6 Chapter 1 Introduction econometrics literature, but this important work has had little impact on current research practices in the social and behavioral sciences. In chapter 7 we take parts of the results of chapter 6 a step further and develop sophisticated nonparametric Bayesian methods (Dey, Müller and Sinha, 1998) to solve regressor-error dependencies in multilevel models at various stages of the model. This method solves some of the problems addressed in chapter 6 and is a generalization of the standard LIV model in the sense that we do not impose restrictions (discreteness) on the distribution of the instruments. In fact, we let the data determine the best distribution. This is an important advantage as it does not require an a priori specification of the right number of categories of the unobserved discrete instrument. Because we take fully advantage of Bayesian estimation methods, the proposed model can readily be adapted and extended to more general and more complex model structures.
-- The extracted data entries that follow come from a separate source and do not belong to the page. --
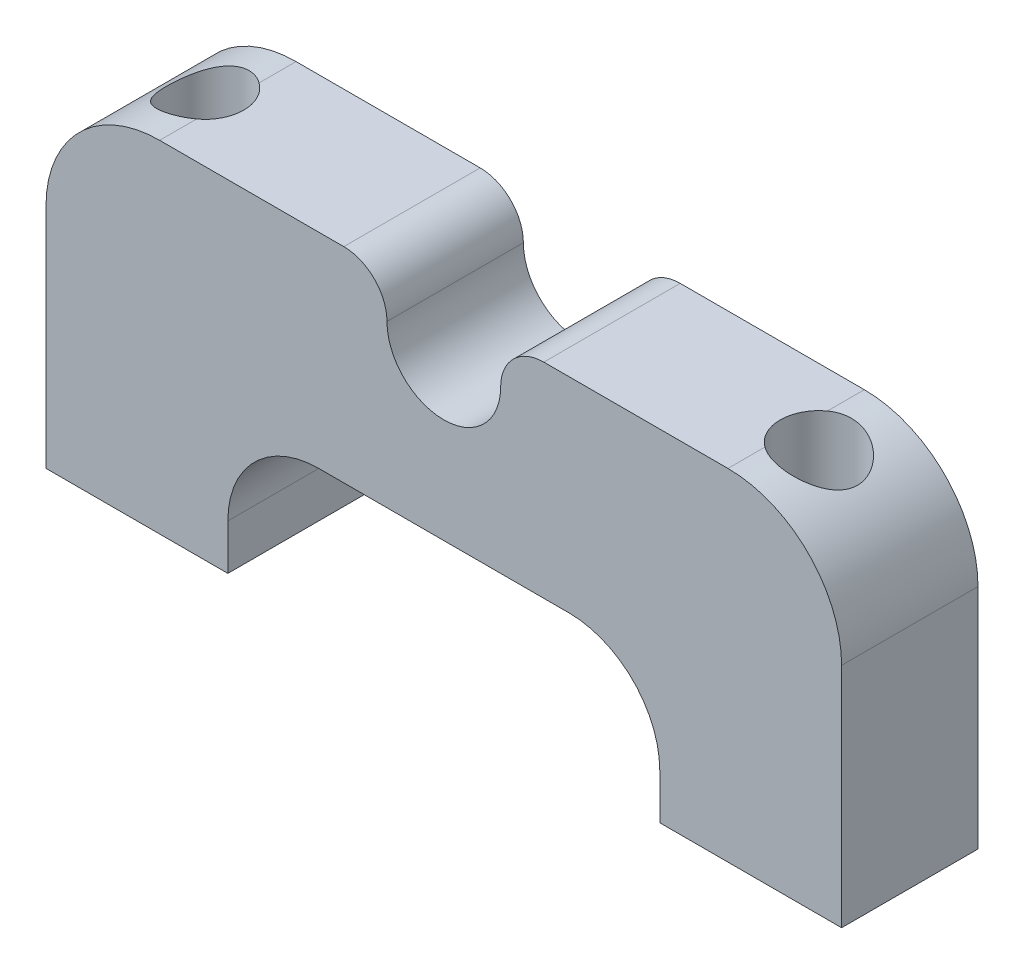
SolidWorks part; units mm, degrees
material "PEI"
ref_plane "Front Plane" through (0, 0, 0) normal (0, 0, 1) x (1, 0, 0)
ref_plane "Top Plane" through (0, 0, 0) normal (0, 1, 0) x (1, 0, 0)
ref_plane "Right Plane" through (0, 0, 0) normal (1, 0, 0) x (0, 0, -1)
sketch "Sketch1" plane through (0, 0, 0) normal (0, 0, 1) x (1, 0, 0)
  line L0 (0, 0) -> (0, 10.2981) construction
  line L1 (8.75, -3.75) -> (4.75, -3.75)
  line L2 (8.75, -3.75) -> (8.75, 1.25)
  line L3 (6.25, 3.75) -> (2.2, 3.75)
  line L4 (-8.75, -3.75) -> (-8.75, 1.25)
  line L5 (8.75, -3.75) -> (-8.75, 3.75) construction
  line L6 (8.75, 3.75) -> (-8.75, -3.75) construction
  line L7 (0, 0) -> (14.5385, 0) construction
  line L8 (-4.75, -3.75) -> (-4.75, 3.75) construction
  line L9 (-2.2, 3.75) -> (-6.25, 3.75)
  line L11 (-2.75, -0.75) -> (2.75, -0.75)
  line L13 (4.75, -3.75) -> (4.75, 3.75) construction
  line L14 (-4.75, -3.75) -> (-4.75, -2.75)
  line L15 (4.75, -3.75) -> (4.75, -2.75)
  line L16 (-4.75, -3.75) -> (-8.75, -3.75)
  arc A0 (-2.75, -0.75) -> (-4.75, -2.75) centre (-2.75, -2.75) ccw
  arc A1 (2.75, -0.75) -> (4.75, -2.75) centre (2.75, -2.75) cw
  arc A2 (8.75, 1.25) -> (6.25, 3.75) centre (6.25, 1.25) ccw
  arc A3 (-6.25, 3.75) -> (-8.75, 1.25) centre (-6.25, 1.25) ccw
  arc A4 (-1.25, 2.8) -> (1.25, 2.8) centre (0, 2.8) ccw
  arc A5 (1.25, 2.8) -> (2.2, 3.75) centre (2.2, 2.8) cw
  arc A6 (-1.25, 2.8) -> (-2.2, 3.75) centre (-2.2, 2.8) ccw
  point P0 (0, 0)
  point P32 (-0.8124, 3.75)
  dimension "D9" = 2
  dimension "D8" = 2.5
  dimension "D5" = 3
  dimension "D11" = 2.5
  dimension "D12" = 0.95
  dimension "D1" = 7.5
  dimension "D2" = 17.5
  dimension "D3" = 5.5
  dimension "D4" = 2.75
  dimension "D6" = 4
  dimension "D7" = 4
  dimension "D10" = 6.55
extrude "Boss-Extrude1" add sketch "Sketch1" along normal blind 3
hole_wizard "CSK for M1.6 Countersunk Flat Head Screw1" positions "Sketch3" profile "Sketch2" countersink size "M1.6" standard "ISO" end condition through all
sketch "Sketch3" plane through (0, -3.75, 0) normal (0, -1, 0) x (-1, 0, 0)
  line L0 (8.75, -3) -> (8.75, 0) construction
  line L1 (-8.75, -3) -> (-8.75, 0) construction
  point P0 (6.75, -1.5)
  point P2 (-6.75, -1.5)
  dimension "D1" = 2
  dimension "D2" = 2
sketch "Sketch2" plane through (-6.75, -3.75, 1.5) normal (1, 0, 0) x (0, 0, -1)
  line L0 (0, 0) -> (0, 7.5)
  line L1 (0, 7.5) -> (0.85, 7.5)
  line L2 (0.85, 7.5) -> (0.85, 0.15)
  line L3 (0.85, 0.15) -> (1, 0)
  line L5 (1, 0) -> (0, 0)
  line L6 (-0.85, 0.15) -> (-1, 0) construction
  line L11 (0, -6.35) -> (0, 107.95) construction
  dimension "Thru Hole Dia." = 1.7
  dimension "Thru Hole Depth" = 7.5
  dimension "Near C'Sink Dia." = 2
  dimension "Near C'Sink Angle" = 90
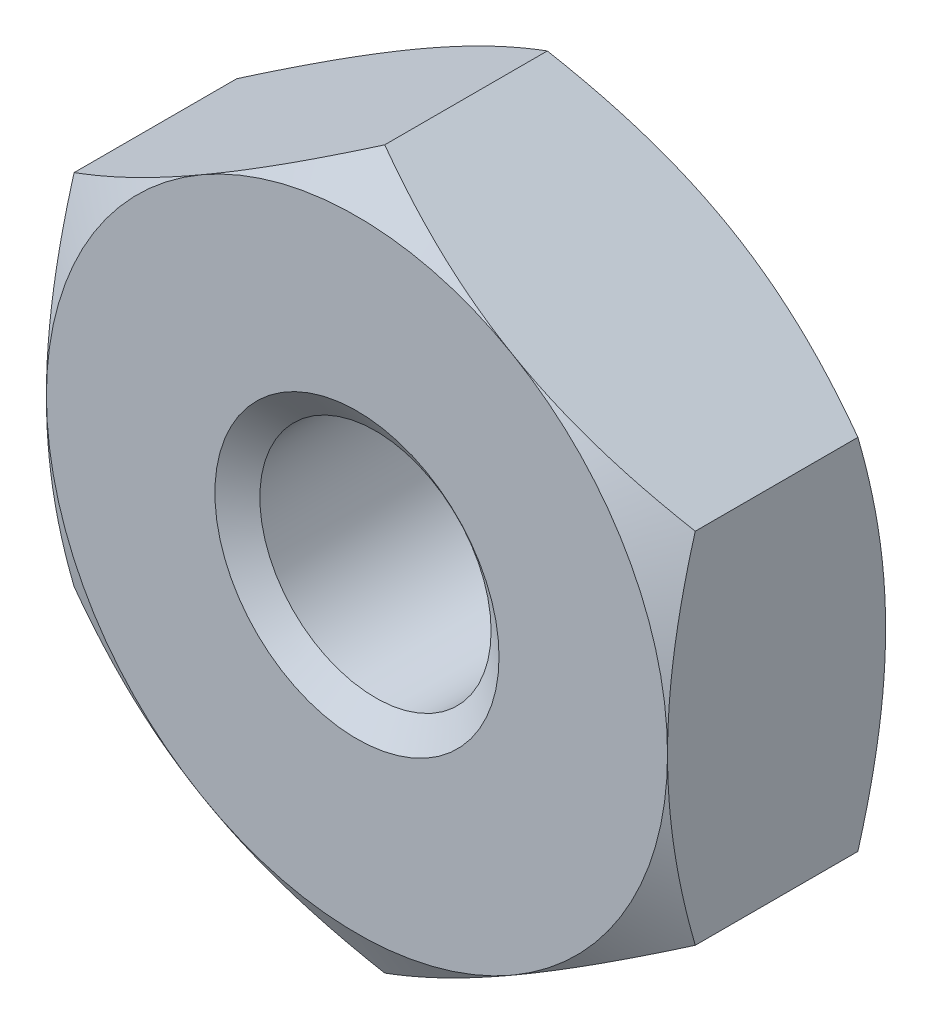
SolidWorks part; units mm, degrees
material "Alloy Steel"
ref_plane "Plane1" through (0, 0, 0) normal (0, 0, 1) x (1, 0, 0)
ref_plane "Plane2" through (0, 0, 0) normal (0, 1, 0) x (1, 0, 0)
ref_plane "Plane3" through (0, 0, 0) normal (1, 0, 0) x (0, 0, -1)
revolve "EndChamfer" cut sketch "EndChamferSketch" angle 360 about L11
sketch "EndChamferSketch" plane through (0, 0, 0) normal (1, 0, 0) x (0, 0, -1)
  line L0 (1.651, 1.0922) -> (1.4945, 0.8687)
  line L1 (1.7018, 1.0922) -> (1.651, 1.0922)
  line L2 (1.7018, 1.0922) -> (1.7018, 0.8687)
  line L3 (1.7018, 0.8687) -> (1.4945, 0.8687)
  line L6 (-0.0508, 1.0922) -> (0, 1.0922)
  line L7 (0, 1.0922) -> (0.1565, 0.8687)
  line L9 (0.1565, 0.8687) -> (-0.0508, 0.8687)
  line L10 (-0.0508, 0.8687) -> (-0.0508, 1.0922)
  line L11 (25.0375, 0) -> (38.388, 0) construction
  dimension "D1" = 35
  dimension "D2" = 0.0508
  dimension "Offset1" = 1.7018
  dimension "ThreadMajor" = 1.0922
  dimension "ChamferDepth" = 0.2235
  dimension "Offset2" = 1.7526
extrude "BaseNut" add sketch "BaseNutSke" against normal blind 1.6764
sketch "BaseNutSke" plane through (0, 0, 0) normal (0, 0, 1) x (1, 0, 0)
  line L6 (2.3876, 1.3785) -> (2.3876, -1.3785)
  line L7 (-2.3876, 1.3785) -> (-2.3876, -1.3785)
  line L8 (2.3876, 1.3785) -> (0, 2.757)
  line L9 (0, 2.757) -> (-2.3876, 1.3785)
  line L10 (-2.3876, -1.3785) -> (0, -2.757)
  line L11 (0, -2.757) -> (2.3876, -1.3785)
  circle A0 centre (0, 0) radius 0.889
  dimension "D4" = 2.3876
  dimension "Thread_min" = 1.778
  dimension "D1" = 120
  dimension "D2" = 2.3876
  dimension "D3" = 2.3876
  dimension "Width_flats" = 4.7752
cosmetic thread "ThreadCosmetic" parameters "Thread_nominal"=2.1844
sketch "Sketch3" plane through (0, 0, 0) normal (1, 0, 0) x (0, 0, -1)
  line L0 (1.6764, 2.3876) -> (1.4631, 2.757)
  line L1 (1.4631, 2.757) -> (1.4631, 15.457)
  line L2 (1.4631, 15.457) -> (14.3764, 15.457)
  line L3 (14.3764, 15.457) -> (14.3764, 2.3876)
  line L4 (14.3764, 2.3876) -> (1.6764, 2.3876)
  line L5 (1.6764, 1.3785) -> (1.6764, 2.757) construction
  line L6 (1.6764, 2.757) -> (0, 2.757) construction
  line L7 (0, 0) -> (38.6776, 0) construction
  line L8 (1.6764, 0) -> (0, 0) construction
  line L9 (0.8382, 2.757) -> (0.8382, 44.222) construction
  line L10 (0.2133, 15.457) -> (-12.7, 15.457)
  line L11 (-12.7, 15.457) -> (-12.7, 2.3876)
  line L12 (-12.7, 2.3876) -> (0, 2.3876)
  line L13 (0, 2.3876) -> (0.2133, 2.757)
  line L14 (0.2133, 2.757) -> (0.2133, 15.457)
  line L16 (1.6764, 2.757) -> (0, 2.757) construction
  dimension "D1" = 2.3876
  dimension "D2" = 30
  dimension "D3" = 12.7
  dimension "D4" = 12.7
revolve "Double-Chamfer" cut sketch "Sketch3" angle 360 about L7
equation "\"D2@BaseNutSke\" = \"Width_flats@BaseNutSke\" / 2"
equation "\"D3@BaseNutSke\" = \"Width_flats@BaseNutSke\" / 2"
equation "\"D1@Sketch3\" = \"Width_flats@BaseNutSke\" /2"
equation "\"D4@BaseNutSke\" = \"D3@BaseNutSke\""
equation "' \"Num_threads@ThdSchPat\" = \"Num_threads@ThdSchPat\" - sgn( \"Num_threads@ThdSchPat\" - 1) '---chamfered tips only---"
equation "\"ThreadMajor@EndChamferSketch\" = \"Thread_nominal@ThreadCosmetic\" * 0.5"
equation "\"ChamferDepth@EndChamferSketch\" = (\"Thread_nominal@ThreadCosmetic\" - \"Thread_min@BaseNutSke\") * 0.55"
equation "\"Offset1@EndChamferSketch\" = \"Thickness@BaseNut\" + 0.001"
equation "\"Offset2@EndChamferSketch\" = \"Offset1@EndChamferSketch\" + 0.002"

Furthermore, insight in small sample properties of the estimation results is more easily obtained and inference does not rely on asymptotic results. This chapter is still work-in-progress and the results are preliminary, yet promising. We illustrate the potential usefulness of this approach to regressor-error dependencies and suggest steps for further research. In chapter 8 we present a discussion of the proposed LIV method and the results found. Furthermore, we present future research directions.